Descriptive statistics for our two largest samples can give the reader a sense of how readily people participate. In a study of adolescent experience, we sought a stratified random sample from the population of a large and heterogeneous high school. DMCA and Copyright : The book is not hosted on our servers, to remove the file please contact the source url. If you see a Google Drive link instead of source url, means that the file witch you will get after approval is just a summary of original book or the file has been already removed.
During flow, people typically experience deep enjoyment, creativity, and a total involvement with life. Flow: The Psychology of Optimal Experience teaches how, by ordering the information that enters our consciousness, we can discover true happiness, unlock our potential, and greatly improve the quality of our lives.
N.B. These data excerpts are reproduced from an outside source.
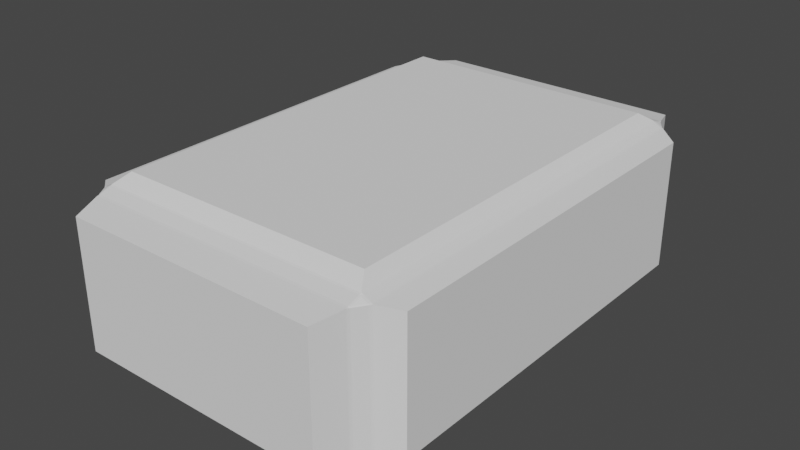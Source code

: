 # Source: lvl3map.blend  (saved by Blender 2.81.16; exported with 4.5.12 LTS)
import bpy
from mathutils import Matrix  # noqa: F401  (used for matrix-valued properties, if any)

bpy.ops.wm.read_factory_settings(use_empty=True)
scene = bpy.context.scene
scene.name = 'Scene'

# ---- collections
col_collection = bpy.data.collections.new('Collection'); scene.collection.children.link(col_collection)

# ---- world
world_world = bpy.data.worlds.new('World'); scene.world = world_world
world_world.use_nodes = True; world_world.node_tree.nodes.clear()
_N = world_world.node_tree.nodes; _L = world_world.node_tree.links
n0 = _N.new('ShaderNodeOutputWorld'); n0.name = 'World Output'; n0.location = (300, 300)
n1 = _N.new('ShaderNodeBackground'); n1.name = 'Background'; n1.location = (10, 300)
n1.inputs[0].default_value = (0.05088, 0.05088, 0.05088, 1.0)
_L.new(n1.outputs[0], n0.inputs[0])
n0.is_active_output = True
world_world.color = (0.05088, 0.05088, 0.05088)
world_world.use_sun_shadow = False
world_world.sun_shadow_jitter_overblur = 0.0

# ---- meshes
me_faces = bpy.data.meshes.new('faces')
me_faces.from_pydata([(-7.682, -10.0, -7.682), (-10.0, -7.682, -7.682), (-7.682, -10.0, 7.682), (-10.0, -7.682, 7.682), (-10.0, 7.682, -7.682), (-7.682, 10.0, -7.682), (-7.682, 10.0, 7.682), (-10.0, 7.682, 7.682), (10.0, -7.682, -7.682), (7.682, -10.0, -7.682), (7.682, -10.0, 7.682), (10.0, -7.682, 7.682), (7.682, 10.0, -7.682), (10.0, 7.682, -7.682), (10.0, 7.682, 7.682), (7.682, 10.0, 7.682), (-10.0, -6.369, -6.369), (-10.0, -6.484, -6.484), (-10.0, 6.484, -6.484), (-10.0, 6.369, -6.369), (-6.369, -10.0, -6.369), (-6.484, -10.0, -6.484), (-6.484, -10.0, 6.484), (-6.369, -10.0, 6.369), (-10.0, -6.369, 6.369), (-10.0, -6.484, 6.484), (-10.0, 6.369, 6.369), (-10.0, 6.484, 6.484), (-6.369, 10.0, 6.369), (-6.484, 10.0, 6.484), (-6.484, 10.0, -6.484), (-6.369, 10.0, -6.369), (6.484, 10.0, -6.484), (6.369, 10.0, -6.369), (6.369, 10.0, 6.369), (6.484, 10.0, 6.484), (10.0, 6.369, 6.369), (10.0, 6.484, 6.484), (10.0, 6.484, -6.484), (10.0, 6.369, -6.369), (10.0, -6.484, -6.484), (10.0, -6.369, -6.369), (10.0, -6.369, 6.369), (10.0, -6.484, 6.484), (6.369, -10.0, 6.369), (6.484, -10.0, 6.484), (6.484, -10.0, -6.484), (6.369, -10.0, -6.369)], [], [(21, 46, 9, 0), (37, 43, 11, 14), (17, 25, 3, 1), (29, 35, 15, 6), (16, 19, 26, 24), (47, 20, 23, 44), (27, 18, 4, 7), (31, 33, 34, 28), (22, 21, 0, 2), (35, 32, 12, 15), (30, 29, 6, 5), (32, 30, 5, 12), (39, 41, 42, 36), (43, 40, 8, 11), (38, 37, 14, 13), (40, 38, 13, 8), (46, 45, 10, 9), (45, 22, 2, 10), (25, 27, 7, 3), (18, 17, 1, 4)])
_uv = me_faces.uv_layers.new(name='UVMap')
_uv.uv.foreach_set('vector', [0.419, 0.956, 0.419, 0.794, 0.404, 0.779, 0.404, 0.971, 0.581, 0.544, 0.581, 0.706, 0.596, 0.721, 0.596, 0.529, 0.419, 0.04395, 0.581, 0.04395, 0.596, 0.02898, 0.404, 0.02898, 0.581, 0.294, 0.581, 0.456, 0.596, 0.471, 0.596, 0.279, 0.4204, 0.04539, 0.4204, 0.2046, 0.5796, 0.2046, 0.5796, 0.04539, 0.4204, 0.7954, 0.4204, 0.9546, 0.5796, 0.9546, 0.5796, 0.7954, 0.581, 0.206, 0.419, 0.206, 0.404, 0.221, 0.596, 0.221, 0.4204, 0.2954, 0.4204, 0.4546, 0.5796, 0.4546, 0.5796, 0.2954, 0.581, 0.956, 0.419, 0.956, 0.404, 0.971, 0.596, 0.971, 0.581, 0.456, 0.419, 0.456, 0.404, 0.471, 0.596, 0.471, 0.419, 0.294, 0.581, 0.294, 0.596, 0.279, 0.404, 0.279, 0.419, 0.456, 0.419, 0.294, 0.404, 0.279, 0.404, 0.471, 0.4204, 0.5454, 0.4204, 0.7046, 0.5796, 0.7046, 0.5796, 0.5454, 0.581, 0.706, 0.419, 0.706, 0.404, 0.721, 0.596, 0.721, 0.419, 0.544, 0.581, 0.544, 0.596, 0.529, 0.404, 0.529, 0.419, 0.706, 0.419, 0.544, 0.404, 0.529, 0.404, 0.721, 0.419, 0.794, 0.581, 0.794, 0.596, 0.779, 0.404, 0.779, 0.581, 0.794, 0.581, 0.956, 0.596, 0.971, 0.596, 0.779, 0.581, 0.04395, 0.581, 0.206, 0.596, 0.221, 0.596, 0.02898, 0.419, 0.206, 0.419, 0.04395, 0.404, 0.02898, 0.404, 0.221])
me_faces.use_remesh_fix_poles = True
me_faces.use_remesh_preserve_attributes = False
me_faces.use_mirror_vertex_groups = False
me_faces.update()
me_cube_002 = bpy.data.meshes.new('Cube.002')
me_cube_002.from_pydata([(-7.682, -7.682, -10.0), (-7.682, -10.0, -7.682), (-10.0, -7.682, -7.682), (-7.682, -10.0, 7.682), (-7.682, -7.682, 10.0), (-10.0, -7.682, 7.682), (-7.682, 7.682, -10.0), (-10.0, 7.682, -7.682), (-7.682, 10.0, -7.682), (-7.682, 7.682, 10.0), (-7.682, 10.0, 7.682), (-10.0, 7.682, 7.682), (7.682, -7.682, -10.0), (10.0, -7.682, -7.682), (7.682, -10.0, -7.682), (7.682, -7.682, 10.0), (7.682, -10.0, 7.682), (10.0, -7.682, 7.682), (7.682, 7.682, -10.0), (7.682, 10.0, -7.682), (10.0, 7.682, -7.682), (7.682, 7.682, 10.0), (10.0, 7.682, 7.682), (7.682, 10.0, 7.682), (-8.216, 8.315, -8.775), (-8.321, 8.321, -8.722), (-8.315, 8.216, -8.775), (-8.248, 8.248, -8.868), (-8.315, -8.216, -8.775), (-8.321, -8.321, -8.722), (-8.216, -8.315, -8.775), (-8.248, -8.248, -8.868), (-8.775, -8.216, -8.315), (-8.868, -8.248, -8.248), (-8.775, -8.315, -8.216), (-8.722, -8.321, -8.321), (-8.775, 8.216, -8.315), (-8.722, 8.321, -8.321), (-8.775, 8.315, -8.216), (-8.868, 8.248, -8.248), (-8.216, -8.775, -8.315), (-8.321, -8.722, -8.321), (-8.315, -8.775, -8.216), (-8.248, -8.868, -8.248), (-8.315, -8.775, 8.216), (-8.321, -8.722, 8.321), (-8.216, -8.775, 8.315), (-8.248, -8.868, 8.248), (-8.775, -8.315, 8.216), (-8.868, -8.248, 8.248), (-8.775, -8.216, 8.315), (-8.722, -8.321, 8.321), (-8.216, -8.315, 8.775), (-8.321, -8.321, 8.722), (-8.315, -8.216, 8.775), (-8.248, -8.248, 8.868), (-8.315, 8.216, 8.775), (-8.321, 8.321, 8.722), (-8.216, 8.315, 8.775), (-8.248, 8.248, 8.868), (-8.775, 8.216, 8.315), (-8.868, 8.248, 8.248), (-8.775, 8.315, 8.216), (-8.722, 8.321, 8.321), (-8.216, 8.775, 8.315), (-8.321, 8.722, 8.321), (-8.315, 8.775, 8.216), (-8.248, 8.868, 8.248), (-8.216, 8.775, -8.315), (-8.248, 8.868, -8.248), (-8.315, 8.775, -8.216), (-8.321, 8.722, -8.321), (8.315, 8.216, -8.775), (8.321, 8.321, -8.722), (8.216, 8.315, -8.775), (8.248, 8.248, -8.868), (8.216, 8.775, -8.315), (8.321, 8.722, -8.321), (8.315, 8.775, -8.216), (8.248, 8.868, -8.248), (8.216, 8.315, 8.775), (8.321, 8.321, 8.722), (8.315, 8.216, 8.775), (8.248, 8.248, 8.868), (8.216, 8.775, 8.315), (8.248, 8.868, 8.248), (8.315, 8.775, 8.216), (8.321, 8.722, 8.321), (8.775, 8.216, 8.315), (8.722, 8.321, 8.321), (8.775, 8.315, 8.216), (8.868, 8.248, 8.248), (8.775, 8.216, -8.315), (8.868, 8.248, -8.248), (8.775, 8.315, -8.216), (8.722, 8.321, -8.321), (8.216, -8.315, -8.775), (8.321, -8.321, -8.722), (8.315, -8.216, -8.775), (8.248, -8.248, -8.868), (8.775, -8.216, -8.315), (8.722, -8.321, -8.321), (8.775, -8.315, -8.216), (8.868, -8.248, -8.248), (8.315, -8.216, 8.775), (8.321, -8.321, 8.722), (8.216, -8.315, 8.775), (8.248, -8.248, 8.868), (8.775, -8.216, 8.315), (8.868, -8.248, 8.248), (8.775, -8.315, 8.216), (8.722, -8.321, 8.321), (8.216, -8.775, 8.315), (8.321, -8.722, 8.321), (8.315, -8.775, 8.216), (8.248, -8.868, 8.248), (8.216, -8.775, -8.315), (8.248, -8.868, -8.248), (8.315, -8.775, -8.216), (8.321, -8.722, -8.321), (9.434, 7.965, 7.965), (9.434, 7.965, -7.965), (9.434, -7.965, 7.965), (9.434, -7.965, -7.965), (-7.965, -9.434, -7.965), (-7.965, -9.434, 7.965), (7.965, -9.434, -7.965), (7.965, -9.434, 7.965), (7.682, -0.01968, 10.0), (8.248, -0.02113, 8.868)], [], [(30, 40, 116, 96), (106, 112, 46, 52), (26, 36, 32, 28), (58, 64, 84, 80), (114, 110, 102, 118), (127, 126, 14, 16), (90, 86, 78, 94), (82, 88, 108, 104), (27, 31, 0, 6), (49, 33, 2, 5), (61, 49, 5, 11), (39, 61, 11, 7), (75, 27, 6, 18), (59, 83, 21, 9), (79, 85, 23, 19), (99, 75, 18, 12), (129, 107, 15, 128), (123, 122, 17, 13), (31, 99, 12, 0), (125, 127, 16, 3), (29, 35, 41), (66, 62, 38, 70), (126, 124, 1, 14), (33, 39, 7, 2), (107, 55, 4, 15), (55, 59, 9, 4), (85, 67, 10, 23), (124, 125, 3, 1), (25, 71, 37), (98, 100, 92, 72), (67, 69, 8, 10), (69, 79, 19, 8), (122, 120, 22, 17), (81, 87, 89), (73, 95, 77), (97, 119, 101), (120, 121, 20, 22), (121, 123, 13, 20), (105, 111, 113), (42, 34, 48, 44), (45, 51, 53), (57, 63, 65), (54, 50, 60, 56), (74, 76, 68, 24), (93, 103, 123, 121), (91, 93, 121, 120), (109, 91, 120, 122), (103, 109, 122, 123), (43, 47, 125, 124), (117, 43, 124, 126), (47, 115, 127, 125), (115, 117, 126, 127), (83, 129, 128, 21)])
_uv = me_cube_002.uv_layers.new(name='UVMap')
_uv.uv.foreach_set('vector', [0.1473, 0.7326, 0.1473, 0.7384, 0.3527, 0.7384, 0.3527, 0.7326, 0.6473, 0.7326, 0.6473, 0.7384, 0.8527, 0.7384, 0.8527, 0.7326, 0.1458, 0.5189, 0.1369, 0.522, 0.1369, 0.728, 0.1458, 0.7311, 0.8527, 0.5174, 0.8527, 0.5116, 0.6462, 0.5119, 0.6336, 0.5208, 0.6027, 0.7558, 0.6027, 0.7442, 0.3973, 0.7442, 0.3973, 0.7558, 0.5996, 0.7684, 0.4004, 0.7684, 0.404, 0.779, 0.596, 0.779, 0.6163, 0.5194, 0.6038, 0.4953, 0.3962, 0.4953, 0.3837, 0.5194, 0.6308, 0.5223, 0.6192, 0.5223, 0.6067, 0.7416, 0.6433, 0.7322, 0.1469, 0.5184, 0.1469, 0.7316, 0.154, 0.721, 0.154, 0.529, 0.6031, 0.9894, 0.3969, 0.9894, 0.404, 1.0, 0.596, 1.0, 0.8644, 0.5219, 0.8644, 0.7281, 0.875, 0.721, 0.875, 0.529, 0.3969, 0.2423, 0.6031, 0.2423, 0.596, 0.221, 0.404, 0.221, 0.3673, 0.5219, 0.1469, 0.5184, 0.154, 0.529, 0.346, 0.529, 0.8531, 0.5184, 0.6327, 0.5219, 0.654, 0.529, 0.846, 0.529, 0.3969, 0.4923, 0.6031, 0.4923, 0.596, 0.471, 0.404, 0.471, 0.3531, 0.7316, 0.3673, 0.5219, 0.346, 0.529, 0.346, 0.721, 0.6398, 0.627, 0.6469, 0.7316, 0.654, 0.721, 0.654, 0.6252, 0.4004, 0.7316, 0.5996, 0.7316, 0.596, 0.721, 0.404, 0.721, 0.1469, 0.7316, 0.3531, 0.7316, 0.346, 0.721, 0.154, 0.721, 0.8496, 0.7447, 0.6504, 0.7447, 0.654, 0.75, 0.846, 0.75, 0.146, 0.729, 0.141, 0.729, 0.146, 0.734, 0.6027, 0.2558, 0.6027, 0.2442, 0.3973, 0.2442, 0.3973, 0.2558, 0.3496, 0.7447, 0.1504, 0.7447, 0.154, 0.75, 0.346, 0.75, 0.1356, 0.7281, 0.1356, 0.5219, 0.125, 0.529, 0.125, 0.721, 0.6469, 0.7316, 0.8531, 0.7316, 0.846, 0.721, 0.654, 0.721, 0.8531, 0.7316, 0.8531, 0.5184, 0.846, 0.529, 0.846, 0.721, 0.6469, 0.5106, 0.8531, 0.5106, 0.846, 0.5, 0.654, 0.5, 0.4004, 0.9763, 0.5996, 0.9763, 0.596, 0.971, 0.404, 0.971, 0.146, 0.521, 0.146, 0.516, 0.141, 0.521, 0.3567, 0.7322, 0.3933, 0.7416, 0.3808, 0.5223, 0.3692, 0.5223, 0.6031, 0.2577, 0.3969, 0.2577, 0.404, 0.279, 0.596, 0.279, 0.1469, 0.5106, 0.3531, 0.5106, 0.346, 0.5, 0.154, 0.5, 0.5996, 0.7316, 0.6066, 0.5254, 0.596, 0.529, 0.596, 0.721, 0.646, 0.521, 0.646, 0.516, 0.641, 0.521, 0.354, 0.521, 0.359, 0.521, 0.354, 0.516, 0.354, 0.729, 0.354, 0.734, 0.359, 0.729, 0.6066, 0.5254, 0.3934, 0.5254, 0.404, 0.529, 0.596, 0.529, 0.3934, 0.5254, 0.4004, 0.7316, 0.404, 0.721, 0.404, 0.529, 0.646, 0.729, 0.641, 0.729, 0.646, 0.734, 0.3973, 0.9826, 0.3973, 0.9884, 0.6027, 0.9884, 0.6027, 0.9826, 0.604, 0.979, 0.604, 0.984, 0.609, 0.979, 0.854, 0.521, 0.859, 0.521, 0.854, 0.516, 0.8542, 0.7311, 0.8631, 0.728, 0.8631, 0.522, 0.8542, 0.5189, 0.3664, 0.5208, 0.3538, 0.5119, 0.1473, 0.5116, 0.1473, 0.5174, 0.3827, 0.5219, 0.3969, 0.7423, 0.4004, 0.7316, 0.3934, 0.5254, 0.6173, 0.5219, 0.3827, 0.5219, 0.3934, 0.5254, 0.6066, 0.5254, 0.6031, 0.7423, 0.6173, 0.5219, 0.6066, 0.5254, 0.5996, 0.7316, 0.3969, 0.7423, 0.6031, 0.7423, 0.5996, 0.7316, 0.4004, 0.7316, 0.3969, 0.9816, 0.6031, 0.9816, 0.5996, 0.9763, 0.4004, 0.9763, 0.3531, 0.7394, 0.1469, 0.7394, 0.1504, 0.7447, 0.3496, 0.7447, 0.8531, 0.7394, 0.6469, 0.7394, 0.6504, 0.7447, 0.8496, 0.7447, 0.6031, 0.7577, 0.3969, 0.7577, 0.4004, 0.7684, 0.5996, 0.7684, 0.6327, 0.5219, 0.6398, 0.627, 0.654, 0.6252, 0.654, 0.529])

Gemplus Smart Card Reader Windows 7. Advanced embedding details, examples, and help! Publication date Topics mihaly , csikszentmihalyi , flow , psychology , optimal , experience , creativity , life , positive , people , information , potential , investigation , book , books , viral Collection opensource Language English.
Psychologist Mihaly Csikszentmihalyi 's investigations of " optimal experience " have revealed that what makes an experience genuinely satisfying is a state of consciousness called flow. During flow, people typically experience deep enjoyment, creativity, and a total involvement with life. Csikszentmihalyi demonstrates the ways this positive state can be controlled, not just left to chance. Flow: The Psychology of Optimal Experience teaches how, by ordering the information that enters our consciousness, we can discover true happiness, unlock our potential, and greatly improve the quality of our lives.